What is required | How does the data below read from its first line through the line containing "settings ConfigComp: CovScope=ReferencedModels"? Print those lines exactly.

Dataset entries |
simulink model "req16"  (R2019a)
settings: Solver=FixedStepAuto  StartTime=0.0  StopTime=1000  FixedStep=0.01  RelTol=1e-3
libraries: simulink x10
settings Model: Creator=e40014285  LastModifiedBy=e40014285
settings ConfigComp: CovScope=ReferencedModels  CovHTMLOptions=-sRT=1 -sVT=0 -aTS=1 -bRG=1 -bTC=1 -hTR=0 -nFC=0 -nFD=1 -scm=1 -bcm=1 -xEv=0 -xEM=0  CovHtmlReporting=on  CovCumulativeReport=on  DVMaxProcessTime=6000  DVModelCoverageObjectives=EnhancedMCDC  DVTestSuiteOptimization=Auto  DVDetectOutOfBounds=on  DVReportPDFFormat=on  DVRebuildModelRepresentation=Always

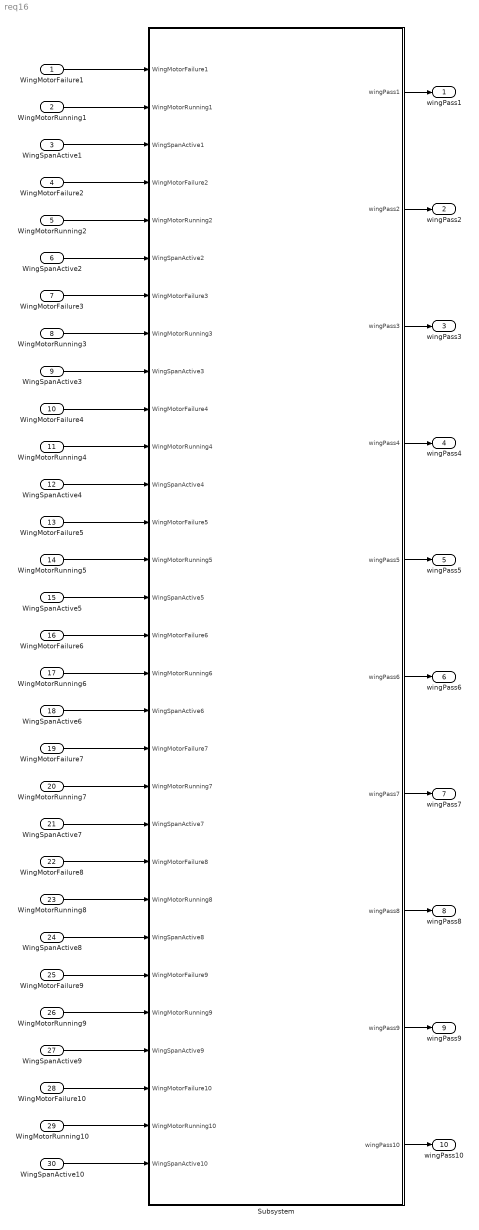
== system req16 ==
  WingMotorFailure1 : Inport
  WingMotorRunning1 : Inport  Port=2
  WingSpanActive1 : Inport  Port=3
  WingMotorFailure2 : Inport  Port=4
  WingMotorRunning2 : Inport  Port=5
  WingSpanActive2 : Inport  Port=6
  WingMotorFailure3 : Inport  Port=7
  WingMotorRunning3 : Inport  Port=8
  WingSpanActive3 : Inport  Port=9
  WingMotorFailure4 : Inport  Port=10
  WingMotorRunning4 : Inport  Port=11
  WingSpanActive4 : Inport  Port=12
  WingMotorFailure5 : Inport  Port=13
  WingMotorRunning5 : Inport  Port=14
  WingSpanActive5 : Inport  Port=15
  WingMotorFailure6 : Inport  Port=16
  WingMotorRunning6 : Inport  Port=17
  WingSpanActive6 : Inport  Port=18
  WingMotorFailure7 : Inport  Port=19
  WingMotorRunning7 : Inport  Port=20
  WingSpanActive7 : Inport  Port=21
  WingMotorFailure8 : Inport  Port=22
  WingMotorRunning8 : Inport  Port=23
  WingSpanActive8 : Inport  Port=24
  WingMotorFailure9 : Inport  Port=25
  WingMotorRunning9 : Inport  Port=26
  WingSpanActive9 : Inport  Port=27
  WingMotorFailure10 : Inport  Port=28
  WingMotorRunning10 : Inport  Port=29
  WingSpanActive10 : Inport  Port=30
  Subsystem : Subsystem
  wingPass1 : Outport
  wingPass2 : Outport  Port=2
  wingPass3 : Outport  Port=3
  wingPass4 : Outport  Port=4
  wingPass5 : Outport  Port=5
  wingPass6 : Outport  Port=6
  wingPass7 : Outport  Port=7
  wingPass8 : Outport  Port=8
  wingPass9 : Outport  Port=9
  wingPass10 : Outport  Port=10
  wires:
  Subsystem/2(wingPass2) -> wingPass2/1
  Subsystem/7(wingPass7) -> wingPass7/1
  Subsystem/3(wingPass3) -> wingPass3/1
  WingSpanActive10/1 -> Subsystem/30(WingSpanActive10)
  Subsystem/6(wingPass6) -> wingPass6/1
  Subsystem/8(wingPass8) -> wingPass8/1
  Subsystem/10(wingPass10) -> wingPass10/1
  Subsystem/4(wingPass4) -> wingPass4/1
  Subsystem/5(wingPass5) -> wingPass5/1
  Subsystem/9(wingPass9) -> wingPass9/1
  WingMotorFailure5/1 -> Subsystem/13(WingMotorFailure5)
  Subsystem/1(wingPass1) -> wingPass1/1
  WingMotorRunning10/1 -> Subsystem/29(WingMotorRunning10)
  WingSpanActive8/1 -> Subsystem/24(WingSpanActive8)
  WingMotorFailure10/1 -> Subsystem/28(WingMotorFailure10)
  WingSpanActive9/1 -> Subsystem/27(WingSpanActive9)
  WingMotorRunning9/1 -> Subsystem/26(WingMotorRunning9)
  WingMotorFailure9/1 -> Subsystem/25(WingMotorFailure9)
  WingMotorRunning8/1 -> Subsystem/23(WingMotorRunning8)
  WingMotorFailure8/1 -> Subsystem/22(WingMotorFailure8)
  WingSpanActive7/1 -> Subsystem/21(WingSpanActive7)
  WingSpanActive4/1 -> Subsystem/12(WingSpanActive4)
  WingMotorRunning7/1 -> Subsystem/20(WingMotorRunning7)
  WingMotorFailure7/1 -> Subsystem/19(WingMotorFailure7)
  WingSpanActive6/1 -> Subsystem/18(WingSpanActive6)
  WingMotorRunning3/1 -> Subsystem/8(WingMotorRunning3)
  WingMotorRunning6/1 -> Subsystem/17(WingMotorRunning6)
  WingMotorFailure6/1 -> Subsystem/16(WingMotorFailure6)
  WingSpanActive1/1 -> Subsystem/3(WingSpanActive1)
  WingSpanActive2/1 -> Subsystem/6(WingSpanActive2)
  WingSpanActive5/1 -> Subsystem/15(WingSpanActive5)
  WingMotorRunning5/1 -> Subsystem/14(WingMotorRunning5)
  WingSpanActive3/1 -> Subsystem/9(WingSpanActive3)
  WingMotorFailure3/1 -> Subsystem/7(WingMotorFailure3)
  WingMotorRunning4/1 -> Subsystem/11(WingMotorRunning4)
  WingMotorFailure4/1 -> Subsystem/10(WingMotorFailure4)
  WingMotorFailure2/1 -> Subsystem/4(WingMotorFailure2)
  WingMotorRunning2/1 -> Subsystem/5(WingMotorRunning2)
  WingMotorRunning1/1 -> Subsystem/2(WingMotorRunning1)
  WingMotorFailure1/1 -> Subsystem/1(WingMotorFailure1)

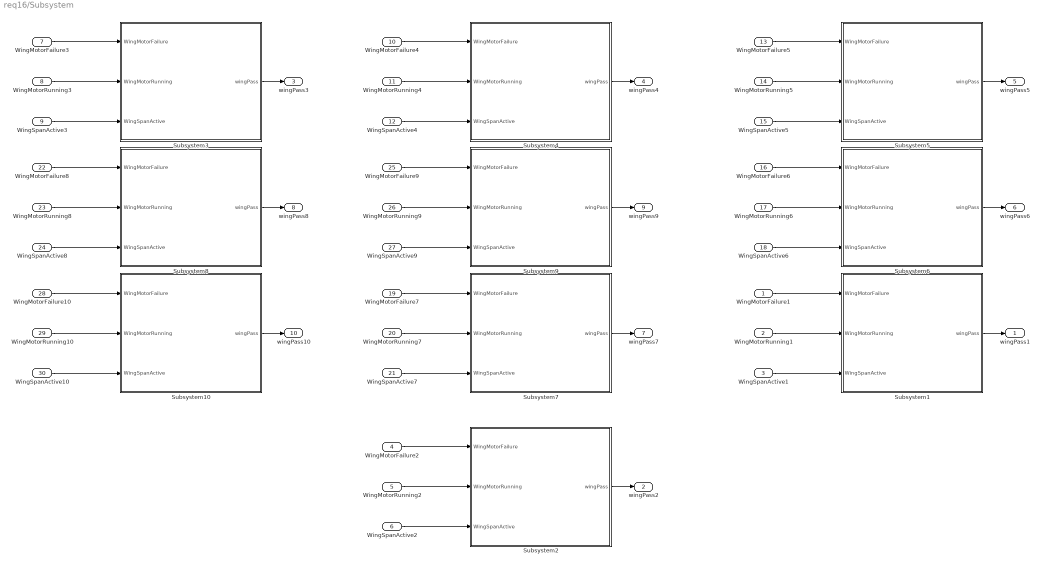
== system req16/Subsystem ==
  WingMotorFailure1 : Inport
  WingMotorRunning1 : Inport  Port=2
  WingSpanActive1 : Inport  Port=3
  WingMotorFailure2 : Inport  Port=4
  WingMotorRunning2 : Inport  Port=5
  WingSpanActive2 : Inport  Port=6
  WingMotorFailure3 : Inport  Port=7
  WingMotorRunning3 : Inport  Port=8
  WingSpanActive3 : Inport  Port=9
  WingMotorFailure4 : Inport  Port=10
  WingMotorRunning4 : Inport  Port=11
  WingSpanActive4 : Inport  Port=12
  WingMotorFailure5 : Inport  Port=13
  WingMotorRunning5 : Inport  Port=14
  WingSpanActive5 : Inport  Port=15
  WingMotorFailure6 : Inport  Port=16
  WingMotorRunning6 : Inport  Port=17
  WingSpanActive6 : Inport  Port=18
  WingMotorFailure7 : Inport  Port=19
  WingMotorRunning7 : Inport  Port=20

Exercise result |
simulink model "req16"  (R2019a)
settings: Solver=FixedStepAuto  StartTime=0.0  StopTime=1000  FixedStep=0.01  RelTol=1e-3
libraries: simulink x10
settings Model: Creator=e40014285  LastModifiedBy=e40014285
settings ConfigComp: CovScope=ReferencedModels  CovHTMLOptions=-sRT=1 -sVT=0 -aTS=1 -bRG=1 -bTC=1 -hTR=0 -nFC=0 -nFD=1 -scm=1 -bcm=1 -xEv=0 -xEM=0  CovHtmlReporting=on  CovCumulativeReport=on  DVMaxProcessTime=6000  DVModelCoverageObjectives=EnhancedMCDC  DVTestSuiteOptimization=Auto  DVDetectOutOfBounds=on  DVReportPDFFormat=on  DVRebuildModelRepresentation=Always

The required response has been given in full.